#### What the task asks
Once you find the line with "#30=CARTESIAN_POINT('',(23.,10.,0.));" in the entries below, return exactly every line from it through the line with "#64=CARTESIAN_POINT('',(0.,0.,0.));".

* * * * *

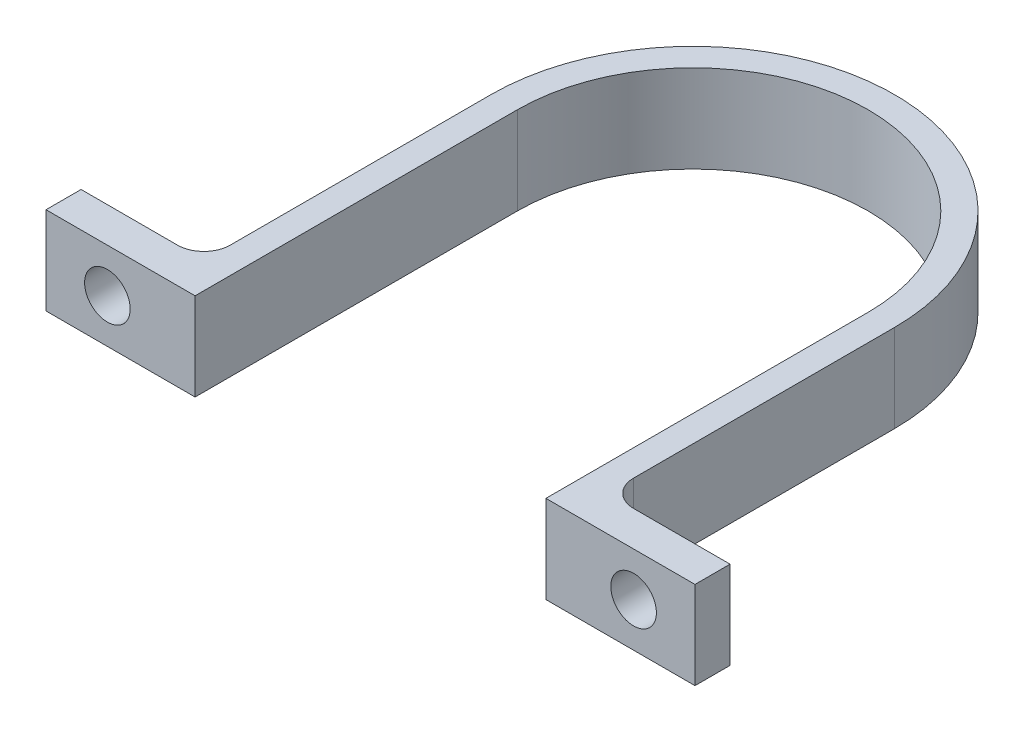
ISO-10303-21;
HEADER;
FILE_DESCRIPTION(('STEP AP214'),'2;1');
FILE_NAME('part.step','',(''),(''),'','','');
FILE_SCHEMA(('AUTOMOTIVE_DESIGN { 1 0 10303 214 1 1 1 1 }'));
ENDSEC;
DATA;
#1=APPLICATION_CONTEXT('core data for automotive mechanical design processes');
#2=APPLICATION_PROTOCOL_DEFINITION('international standard','automotive_design',2000,#1);
#3=PRODUCT_CONTEXT('',#1,'mechanical');
#4=PRODUCT('Part','Part','',(#3));
#5=PRODUCT_RELATED_PRODUCT_CATEGORY('part','',(#4));
#6=PRODUCT_DEFINITION_FORMATION('','',#4);
#7=PRODUCT_DEFINITION_CONTEXT('part definition',#1,'design');
#8=PRODUCT_DEFINITION('design','',#6,#7);
#9=PRODUCT_DEFINITION_SHAPE('','',#8);
#10=(LENGTH_UNIT() NAMED_UNIT(*) SI_UNIT(.MILLI.,.METRE.));
#11=(NAMED_UNIT(*) PLANE_ANGLE_UNIT() SI_UNIT($,.RADIAN.));
#12=(NAMED_UNIT(*) SI_UNIT($,.STERADIAN.) SOLID_ANGLE_UNIT());
#13=UNCERTAINTY_MEASURE_WITH_UNIT(LENGTH_MEASURE(1.E-05),#10,'distance_accuracy_value','');
#14=(GEOMETRIC_REPRESENTATION_CONTEXT(3) GLOBAL_UNCERTAINTY_ASSIGNED_CONTEXT((#13)) GLOBAL_UNIT_ASSIGNED_CONTEXT((#10,
#11,#12)) REPRESENTATION_CONTEXT('',''));
#15=CARTESIAN_POINT('',(0.,0.,0.));
#16=DIRECTION('',(0.,0.,1.));
#17=DIRECTION('',(1.,0.,0.));
#18=AXIS2_PLACEMENT_3D('',#15,#16,#17);
#19=CARTESIAN_POINT('',(23.,10.,0.));
#20=DIRECTION('',(-1.,0.,0.));
#21=DIRECTION('',(0.,0.,1.));
#22=AXIS2_PLACEMENT_3D('',#19,#20,#21);
#23=PLANE('',#22);
#24=DIRECTION('',(0.,0.,-1.));
#25=VECTOR('',#24,1.);
#26=CARTESIAN_POINT('',(23.,10.,0.));
#27=LINE('',#26,#25);
#28=CARTESIAN_POINT('',(23.,10.,29.75));
#29=VERTEX_POINT('',#28);
#30=CARTESIAN_POINT('',(23.,10.,0.));
#31=VERTEX_POINT('',#30);
#32=EDGE_CURVE('E148',#29,#31,#27,.T.);
#33=ORIENTED_EDGE('',*,*,#32,.F.);
#34=DIRECTION('',(0.,-1.,0.));
#35=VECTOR('',#34,1.);
#36=CARTESIAN_POINT('',(23.,0.,29.75));
#37=LINE('',#36,#35);
#38=CARTESIAN_POINT('',(23.,0.,29.75));
#39=VERTEX_POINT('',#38);
#40=EDGE_CURVE('E247',#29,#39,#37,.T.);
#41=ORIENTED_EDGE('',*,*,#40,.T.);
#42=DIRECTION('',(0.,0.,-1.));
#43=VECTOR('',#42,1.);
#44=CARTESIAN_POINT('',(23.,0.,0.));
#45=LINE('',#44,#43);
#46=CARTESIAN_POINT('',(23.,0.,0.));
#47=VERTEX_POINT('',#46);
#48=EDGE_CURVE('E221',#39,#47,#45,.T.);
#49=ORIENTED_EDGE('',*,*,#48,.T.);
#50=DIRECTION('',(0.,-1.,0.));
#51=VECTOR('',#50,1.);
#52=CARTESIAN_POINT('',(23.,10.,0.));
#53=LINE('',#52,#51);
#54=EDGE_CURVE('E239',#31,#47,#53,.T.);
#55=ORIENTED_EDGE('',*,*,#54,.F.);
#56=EDGE_LOOP('',(#33,#41,#49,#55));
#57=FACE_BOUND('',#56,.T.);
#58=ADVANCED_FACE('F38',(#57),#23,.F.);
#59=CARTESIAN_POINT('',(0.,10.,0.));
#60=DIRECTION('',(0.,-1.,0.));
#61=DIRECTION('',(0.,0.,-1.));
#62=AXIS2_PLACEMENT_3D('',#59,#60,#61);
#63=CYLINDRICAL_SURFACE('',#62,20.);
#64=CARTESIAN_POINT('',(0.,0.,0.));
#65=DIRECTION('',(0.,-1.,0.));
#66=DIRECTION('',(0.,0.,1.));
#67=AXIS2_PLACEMENT_3D('',#64,#65,#66);
#68=CIRCLE('',#67,20.);
#69=CARTESIAN_POINT('',(-20.,0.,0.));
#70=VERTEX_POINT('',#69);
#71=CARTESIAN_POINT('',(20.,0.,0.));
#72=VERTEX_POINT('',#71);
#73=EDGE_CURVE('E199',#70,#72,#68,.T.);
#74=ORIENTED_EDGE('',*,*,#73,.T.);
#75=DIRECTION('',(0.,-1.,0.));
#76=VECTOR('',#75,1.);
#77=CARTESIAN_POINT('',(20.,10.,0.));
#78=LINE('',#77,#76);
#79=CARTESIAN_POINT('',(20.,10.,0.));
#80=VERTEX_POINT('',#79);
#81=EDGE_CURVE('E244',#80,#72,#78,.T.);
#82=ORIENTED_EDGE('',*,*,#81,.F.);
#83=CARTESIAN_POINT('',(0.,10.,0.));
#84=DIRECTION('',(0.,-1.,0.));
#85=DIRECTION('',(0.,0.,1.));
#86=AXIS2_PLACEMENT_3D('',#83,#84,#85);
#87=CIRCLE('',#86,20.);
#88=CARTESIAN_POINT('',(-20.,10.,0.));
#89=VERTEX_POINT('',#88);
#90=EDGE_CURVE('E202',#89,#80,#87,.T.);
#91=ORIENTED_EDGE('',*,*,#90,.F.);
#92=DIRECTION('',(0.,-1.,0.));
#93=VECTOR('',#92,1.);
#94=CARTESIAN_POINT('',(-20.,10.,0.));
#95=LINE('',#94,#93);
#96=EDGE_CURVE('E215',#89,#70,#95,.T.);
#97=ORIENTED_EDGE('',*,*,#96,.T.);
#98=EDGE_LOOP('',(#74,#82,#91,#97));
#99=FACE_BOUND('',#98,.T.);
#100=ADVANCED_FACE('F289',(#99),#63,.F.);
#101=CARTESIAN_POINT('',(20.,10.,0.));
#102=DIRECTION('',(1.,0.,0.));
#103=DIRECTION('',(0.,0.,-1.));
#104=AXIS2_PLACEMENT_3D('',#101,#102,#103);
#105=PLANE('',#104);
#106=DIRECTION('',(0.,0.,1.));
#107=VECTOR('',#106,1.);
#108=CARTESIAN_POINT('',(20.,0.,0.));
#109=LINE('',#108,#107);
#110=CARTESIAN_POINT('',(20.,0.,36.75));
#111=VERTEX_POINT('',#110);
#112=EDGE_CURVE('E218',#72,#111,#109,.T.);
#113=ORIENTED_EDGE('',*,*,#112,.T.);
#114=DIRECTION('',(0.,-1.,0.));
#115=VECTOR('',#114,1.);
#116=CARTESIAN_POINT('',(20.,10.,36.75));
#117=LINE('',#116,#115);
#118=CARTESIAN_POINT('',(20.,10.,36.75));
#119=VERTEX_POINT('',#118);
#120=EDGE_CURVE('E242',#119,#111,#117,.T.);
#121=ORIENTED_EDGE('',*,*,#120,.F.);
#122=DIRECTION('',(0.,0.,1.));
#123=VECTOR('',#122,1.);
#124=CARTESIAN_POINT('',(20.,10.,0.));
#125=LINE('',#124,#123);
#126=EDGE_CURVE('E143',#80,#119,#125,.T.);
#127=ORIENTED_EDGE('',*,*,#126,.F.);
#128=ORIENTED_EDGE('',*,*,#81,.T.);
#129=EDGE_LOOP('',(#113,#121,#127,#128));
#130=FACE_BOUND('',#129,.T.);
#131=ADVANCED_FACE('F294',(#130),#105,.F.);
#132=CARTESIAN_POINT('',(20.,10.,36.75));
#133=DIRECTION('',(0.,0.,-1.));
#134=DIRECTION('',(-1.,0.,0.));
#135=AXIS2_PLACEMENT_3D('',#132,#133,#134);
#136=PLANE('',#135);
#137=DIRECTION('',(1.,0.,0.));
#138=VECTOR('',#137,1.);
#139=CARTESIAN_POINT('',(20.,0.,36.75));
#140=LINE('',#139,#138);
#141=CARTESIAN_POINT('',(37.,0.,36.75));
#142=VERTEX_POINT('',#141);
#143=EDGE_CURVE('E163',#111,#142,#140,.T.);
#144=ORIENTED_EDGE('',*,*,#143,.T.);
#145=DIRECTION('',(0.,1.,0.));
#146=VECTOR('',#145,1.);
#147=CARTESIAN_POINT('',(37.,0.,36.75));
#148=LINE('',#147,#146);
#149=CARTESIAN_POINT('',(37.,10.,36.75));
#150=VERTEX_POINT('',#149);
#151=EDGE_CURVE('E154',#142,#150,#148,.T.);
#152=ORIENTED_EDGE('',*,*,#151,.T.);
#153=DIRECTION('',(1.,0.,0.));
#154=VECTOR('',#153,1.);
#155=CARTESIAN_POINT('',(20.,10.,36.75));
#156=LINE('',#155,#154);
#157=EDGE_CURVE('E136',#119,#150,#156,.T.);
#158=ORIENTED_EDGE('',*,*,#157,.F.);
#159=ORIENTED_EDGE('',*,*,#120,.T.);
#160=EDGE_LOOP('',(#144,#152,#158,#159));
#161=FACE_BOUND('',#160,.T.);
#162=CARTESIAN_POINT('',(30.,5.,36.75));
#163=DIRECTION('',(0.,0.,1.));
#164=DIRECTION('',(-1.,0.,0.));
#165=AXIS2_PLACEMENT_3D('',#162,#163,#164);
#166=CIRCLE('',#165,2.6);
#167=CARTESIAN_POINT('',(27.4,5.,36.75));
#168=VERTEX_POINT('',#167);
#169=EDGE_CURVE('E169',#168,#168,#166,.T.);
#170=ORIENTED_EDGE('',*,*,#169,.F.);
#171=EDGE_LOOP('',(#170));
#172=FACE_BOUND('',#171,.T.);
#173=ADVANCED_FACE('F160',(#161,#172),#136,.F.);
#174=CARTESIAN_POINT('',(0.,10.,0.));
#175=DIRECTION('',(0.,-1.,0.));
#176=DIRECTION('',(0.,0.,-1.));
#177=AXIS2_PLACEMENT_3D('',#174,#175,#176);
#178=CYLINDRICAL_SURFACE('',#177,23.);
#179=CARTESIAN_POINT('',(0.,0.,0.));
#180=DIRECTION('',(0.,1.,0.));
#181=DIRECTION('',(0.,0.,1.));
#182=AXIS2_PLACEMENT_3D('',#179,#180,#181);
#183=CIRCLE('',#182,23.);
#184=CARTESIAN_POINT('',(-23.,0.,0.));
#185=VERTEX_POINT('',#184);
#186=EDGE_CURVE('E223',#47,#185,#183,.T.);
#187=ORIENTED_EDGE('',*,*,#186,.T.);
#188=DIRECTION('',(0.,-1.,0.));
#189=VECTOR('',#188,1.);
#190=CARTESIAN_POINT('',(-23.,10.,0.));
#191=LINE('',#190,#189);
#192=CARTESIAN_POINT('',(-23.,10.,0.));
#193=VERTEX_POINT('',#192);
#194=EDGE_CURVE('E236',#193,#185,#191,.T.);
#195=ORIENTED_EDGE('',*,*,#194,.F.);
#196=CARTESIAN_POINT('',(0.,10.,0.));
#197=DIRECTION('',(0.,1.,0.));
#198=DIRECTION('',(0.,0.,1.));
#199=AXIS2_PLACEMENT_3D('',#196,#197,#198);
#200=CIRCLE('',#199,23.);
#201=EDGE_CURVE('E207',#31,#193,#200,.T.);
#202=ORIENTED_EDGE('',*,*,#201,.F.);
#203=ORIENTED_EDGE('',*,*,#54,.T.);
#204=EDGE_LOOP('',(#187,#195,#202,#203));
#205=FACE_BOUND('',#204,.T.);
#206=ADVANCED_FACE('F299',(#205),#178,.T.);
#207=CARTESIAN_POINT('',(-23.,10.,0.));
#208=DIRECTION('',(1.,0.,0.));
#209=DIRECTION('',(0.,0.,-1.));
#210=AXIS2_PLACEMENT_3D('',#207,#208,#209);
#211=PLANE('',#210);
#212=DIRECTION('',(0.,0.,1.));
#213=VECTOR('',#212,1.);
#214=CARTESIAN_POINT('',(-23.,0.,0.));
#215=LINE('',#214,#213);
#216=CARTESIAN_POINT('',(-23.,0.,29.75));
#217=VERTEX_POINT('',#216);
#218=EDGE_CURVE('E225',#185,#217,#215,.T.);
#219=ORIENTED_EDGE('',*,*,#218,.T.);
#220=DIRECTION('',(0.,1.,0.));
#221=VECTOR('',#220,1.);
#222=CARTESIAN_POINT('',(-23.,10.,29.75));
#223=LINE('',#222,#221);
#224=CARTESIAN_POINT('',(-23.,10.,29.75));
#225=VERTEX_POINT('',#224);
#226=EDGE_CURVE('E252',#217,#225,#223,.T.);
#227=ORIENTED_EDGE('',*,*,#226,.T.);
#228=DIRECTION('',(0.,0.,1.));
#229=VECTOR('',#228,1.);
#230=CARTESIAN_POINT('',(-23.,10.,0.));
#231=LINE('',#230,#229);
#232=EDGE_CURVE('E209',#193,#225,#231,.T.);
#233=ORIENTED_EDGE('',*,*,#232,.F.);
#234=ORIENTED_EDGE('',*,*,#194,.T.);
#235=EDGE_LOOP('',(#219,#227,#233,#234));
#236=FACE_BOUND('',#235,.T.);
#237=ADVANCED_FACE('F316',(#236),#211,.F.);
#238=CARTESIAN_POINT('',(-20.,10.,36.75));
#239=DIRECTION('',(0.,0.,-1.));
#240=DIRECTION('',(-1.,0.,0.));
#241=AXIS2_PLACEMENT_3D('',#238,#239,#240);
#242=PLANE('',#241);
#243=DIRECTION('',(1.,0.,0.));
#244=VECTOR('',#243,1.);
#245=CARTESIAN_POINT('',(-20.,0.,36.75));
#246=LINE('',#245,#244);
#247=CARTESIAN_POINT('',(-37.,0.,36.75));
#248=VERTEX_POINT('',#247);
#249=CARTESIAN_POINT('',(-20.,0.,36.75));
#250=VERTEX_POINT('',#249);
#251=EDGE_CURVE('E228',#248,#250,#246,.T.);
#252=ORIENTED_EDGE('',*,*,#251,.T.);
#253=DIRECTION('',(0.,-1.,0.));
#254=VECTOR('',#253,1.);
#255=CARTESIAN_POINT('',(-20.,10.,36.75));
#256=LINE('',#255,#254);
#257=CARTESIAN_POINT('',(-20.,10.,36.75));
#258=VERTEX_POINT('',#257);
#259=EDGE_CURVE('E233',#258,#250,#256,.T.);
#260=ORIENTED_EDGE('',*,*,#259,.F.);
#261=DIRECTION('',(1.,0.,0.));
#262=VECTOR('',#261,1.);
#263=CARTESIAN_POINT('',(-20.,10.,36.75));
#264=LINE('',#263,#262);
#265=CARTESIAN_POINT('',(-37.,10.,36.75));
#266=VERTEX_POINT('',#265);
#267=EDGE_CURVE('E211',#266,#258,#264,.T.);
#268=ORIENTED_EDGE('',*,*,#267,.F.);
#269=DIRECTION('',(0.,-1.,0.));
#270=VECTOR('',#269,1.);
#271=CARTESIAN_POINT('',(-37.,0.,36.75));
#272=LINE('',#271,#270);
#273=EDGE_CURVE('E183',#266,#248,#272,.T.);
#274=ORIENTED_EDGE('',*,*,#273,.T.);
#275=EDGE_LOOP('',(#252,#260,#268,#274));
#276=FACE_BOUND('',#275,.T.);
#277=CARTESIAN_POINT('',(-30.,5.,36.75));
#278=DIRECTION('',(0.,0.,1.));
#279=DIRECTION('',(1.,0.,0.));
#280=AXIS2_PLACEMENT_3D('',#277,#278,#279);
#281=CIRCLE('',#280,2.6);
#282=CARTESIAN_POINT('',(-27.4,5.,36.75));
#283=VERTEX_POINT('',#282);
#284=EDGE_CURVE('E178',#283,#283,#281,.T.);
#285=ORIENTED_EDGE('',*,*,#284,.F.);
#286=EDGE_LOOP('',(#285));
#287=FACE_BOUND('',#286,.T.);
#288=ADVANCED_FACE('F324',(#276,#287),#242,.F.);
#289=CARTESIAN_POINT('',(-20.,10.,0.));
#290=DIRECTION('',(-1.,0.,0.));
#291=DIRECTION('',(0.,0.,1.));
#292=AXIS2_PLACEMENT_3D('',#289,#290,#291);
#293=PLANE('',#292);
#294=DIRECTION('',(0.,0.,-1.));
#295=VECTOR('',#294,1.);
#296=CARTESIAN_POINT('',(-20.,0.,0.));
#297=LINE('',#296,#295);
#298=EDGE_CURVE('E204',#250,#70,#297,.T.);
#299=ORIENTED_EDGE('',*,*,#298,.T.);
#300=ORIENTED_EDGE('',*,*,#96,.F.);
#301=DIRECTION('',(0.,0.,-1.));
#302=VECTOR('',#301,1.);
#303=CARTESIAN_POINT('',(-20.,10.,0.));
#304=LINE('',#303,#302);
#305=EDGE_CURVE('E213',#258,#89,#304,.T.);
#306=ORIENTED_EDGE('',*,*,#305,.F.);
#307=ORIENTED_EDGE('',*,*,#259,.T.);
#308=EDGE_LOOP('',(#299,#300,#306,#307));
#309=FACE_BOUND('',#308,.T.);
#310=ADVANCED_FACE('F328',(#309),#293,.F.);
#311=CARTESIAN_POINT('',(0.,10.,0.));
#312=DIRECTION('',(0.,1.,0.));
#313=DIRECTION('',(0.,0.,1.));
#314=AXIS2_PLACEMENT_3D('',#311,#312,#313);
#315=PLANE('',#314);
#316=ORIENTED_EDGE('',*,*,#90,.T.);
#317=ORIENTED_EDGE('',*,*,#126,.T.);
#318=ORIENTED_EDGE('',*,*,#157,.T.);
#319=DIRECTION('',(0.,0.,1.));
#320=VECTOR('',#319,1.);
#321=CARTESIAN_POINT('',(37.,10.,32.75));
#322=LINE('',#321,#320);
#323=CARTESIAN_POINT('',(37.,10.,32.75));
#324=VERTEX_POINT('',#323);
#325=EDGE_CURVE('E141',#324,#150,#322,.T.);
#326=ORIENTED_EDGE('',*,*,#325,.F.);
#327=DIRECTION('',(-1.,0.,0.));
#328=VECTOR('',#327,1.);
#329=CARTESIAN_POINT('',(37.,10.,32.75));
#330=LINE('',#329,#328);
#331=CARTESIAN_POINT('',(26.,10.,32.75));
#332=VERTEX_POINT('',#331);
#333=EDGE_CURVE('E174',#324,#332,#330,.T.);
#334=ORIENTED_EDGE('',*,*,#333,.T.);
#335=CARTESIAN_POINT('',(26.,10.,29.75));
#336=DIRECTION('',(0.,1.,0.));
#337=DIRECTION('',(0.,0.,1.));
#338=AXIS2_PLACEMENT_3D('',#335,#336,#337);
#339=CIRCLE('',#338,3.);
#340=EDGE_CURVE('E258',#332,#29,#339,.F.);
#341=ORIENTED_EDGE('',*,*,#340,.T.);
#342=ORIENTED_EDGE('',*,*,#32,.T.);
#343=ORIENTED_EDGE('',*,*,#201,.T.);
#344=ORIENTED_EDGE('',*,*,#232,.T.);
#345=CARTESIAN_POINT('',(-26.,10.,29.75));
#346=DIRECTION('',(0.,1.,0.));
#347=DIRECTION('',(0.,0.,1.));
#348=AXIS2_PLACEMENT_3D('',#345,#346,#347);
#349=CIRCLE('',#348,3.);
#350=CARTESIAN_POINT('',(-26.,10.,32.75));
#351=VERTEX_POINT('',#350);
#352=EDGE_CURVE('E46',#225,#351,#349,.F.);
#353=ORIENTED_EDGE('',*,*,#352,.T.);
#354=DIRECTION('',(-1.,0.,0.));
#355=VECTOR('',#354,1.);
#356=CARTESIAN_POINT('',(-37.,10.,32.75));
#357=LINE('',#356,#355);
#358=CARTESIAN_POINT('',(-37.,10.,32.75));
#359=VERTEX_POINT('',#358);
#360=EDGE_CURVE('E186',#351,#359,#357,.T.);
#361=ORIENTED_EDGE('',*,*,#360,.T.);
#362=DIRECTION('',(0.,0.,1.));
#363=VECTOR('',#362,1.);
#364=CARTESIAN_POINT('',(-37.,10.,32.75));
#365=LINE('',#364,#363);
#366=EDGE_CURVE('E193',#359,#266,#365,.T.);
#367=ORIENTED_EDGE('',*,*,#366,.T.);
#368=ORIENTED_EDGE('',*,*,#267,.T.);
#369=ORIENTED_EDGE('',*,*,#305,.T.);
#370=EDGE_LOOP('',(#316,#317,#318,#326,#334,#341,#342,#343,#344,#353,#361,#367,#368,#369));
#371=FACE_BOUND('',#370,.T.);
#372=ADVANCED_FACE('F139',(#371),#315,.T.);
#373=CARTESIAN_POINT('',(0.,0.,0.));
#374=DIRECTION('',(0.,1.,0.));
#375=DIRECTION('',(0.,0.,1.));
#376=AXIS2_PLACEMENT_3D('',#373,#374,#375);
#377=PLANE('',#376);
#378=ORIENTED_EDGE('',*,*,#73,.F.);
#379=ORIENTED_EDGE('',*,*,#298,.F.);
#380=ORIENTED_EDGE('',*,*,#251,.F.);
#381=DIRECTION('',(0.,0.,1.));
#382=VECTOR('',#381,1.);
#383=CARTESIAN_POINT('',(-37.,0.,32.75));
#384=LINE('',#383,#382);
#385=CARTESIAN_POINT('',(-37.,0.,32.75));
#386=VERTEX_POINT('',#385);
#387=EDGE_CURVE('E196',#386,#248,#384,.T.);
#388=ORIENTED_EDGE('',*,*,#387,.F.);
#389=DIRECTION('',(1.,0.,0.));
#390=VECTOR('',#389,1.);
#391=CARTESIAN_POINT('',(-37.,0.,32.75));
#392=LINE('',#391,#390);
#393=CARTESIAN_POINT('',(-26.,0.,32.75));
#394=VERTEX_POINT('',#393);
#395=EDGE_CURVE('E191',#386,#394,#392,.T.);
#396=ORIENTED_EDGE('',*,*,#395,.T.);
#397=CARTESIAN_POINT('',(-26.,0.,29.75));
#398=DIRECTION('',(0.,1.,0.));
#399=DIRECTION('',(0.,0.,1.));
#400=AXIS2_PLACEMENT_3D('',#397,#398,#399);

* * * * *

#### Output
#30=CARTESIAN_POINT('',(23.,10.,0.));
#31=VERTEX_POINT('',#30);
#32=EDGE_CURVE('E148',#29,#31,#27,.T.);
#33=ORIENTED_EDGE('',*,*,#32,.F.);
#34=DIRECTION('',(0.,-1.,0.));
#35=VECTOR('',#34,1.);
#36=CARTESIAN_POINT('',(23.,0.,29.75));
#37=LINE('',#36,#35);
#38=CARTESIAN_POINT('',(23.,0.,29.75));
#39=VERTEX_POINT('',#38);
#40=EDGE_CURVE('E247',#29,#39,#37,.T.);
#41=ORIENTED_EDGE('',*,*,#40,.T.);
#42=DIRECTION('',(0.,0.,-1.));
#43=VECTOR('',#42,1.);
#44=CARTESIAN_POINT('',(23.,0.,0.));
#45=LINE('',#44,#43);
#46=CARTESIAN_POINT('',(23.,0.,0.));
#47=VERTEX_POINT('',#46);
#48=EDGE_CURVE('E221',#39,#47,#45,.T.);
#49=ORIENTED_EDGE('',*,*,#48,.T.);
#50=DIRECTION('',(0.,-1.,0.));
#51=VECTOR('',#50,1.);
#52=CARTESIAN_POINT('',(23.,10.,0.));
#53=LINE('',#52,#51);
#54=EDGE_CURVE('E239',#31,#47,#53,.T.);
#55=ORIENTED_EDGE('',*,*,#54,.F.);
#56=EDGE_LOOP('',(#33,#41,#49,#55));
#57=FACE_BOUND('',#56,.T.);
#58=ADVANCED_FACE('F38',(#57),#23,.F.);
#59=CARTESIAN_POINT('',(0.,10.,0.));
#60=DIRECTION('',(0.,-1.,0.));
#61=DIRECTION('',(0.,0.,-1.));
#62=AXIS2_PLACEMENT_3D('',#59,#60,#61);
#63=CYLINDRICAL_SURFACE('',#62,20.);
#64=CARTESIAN_POINT('',(0.,0.,0.));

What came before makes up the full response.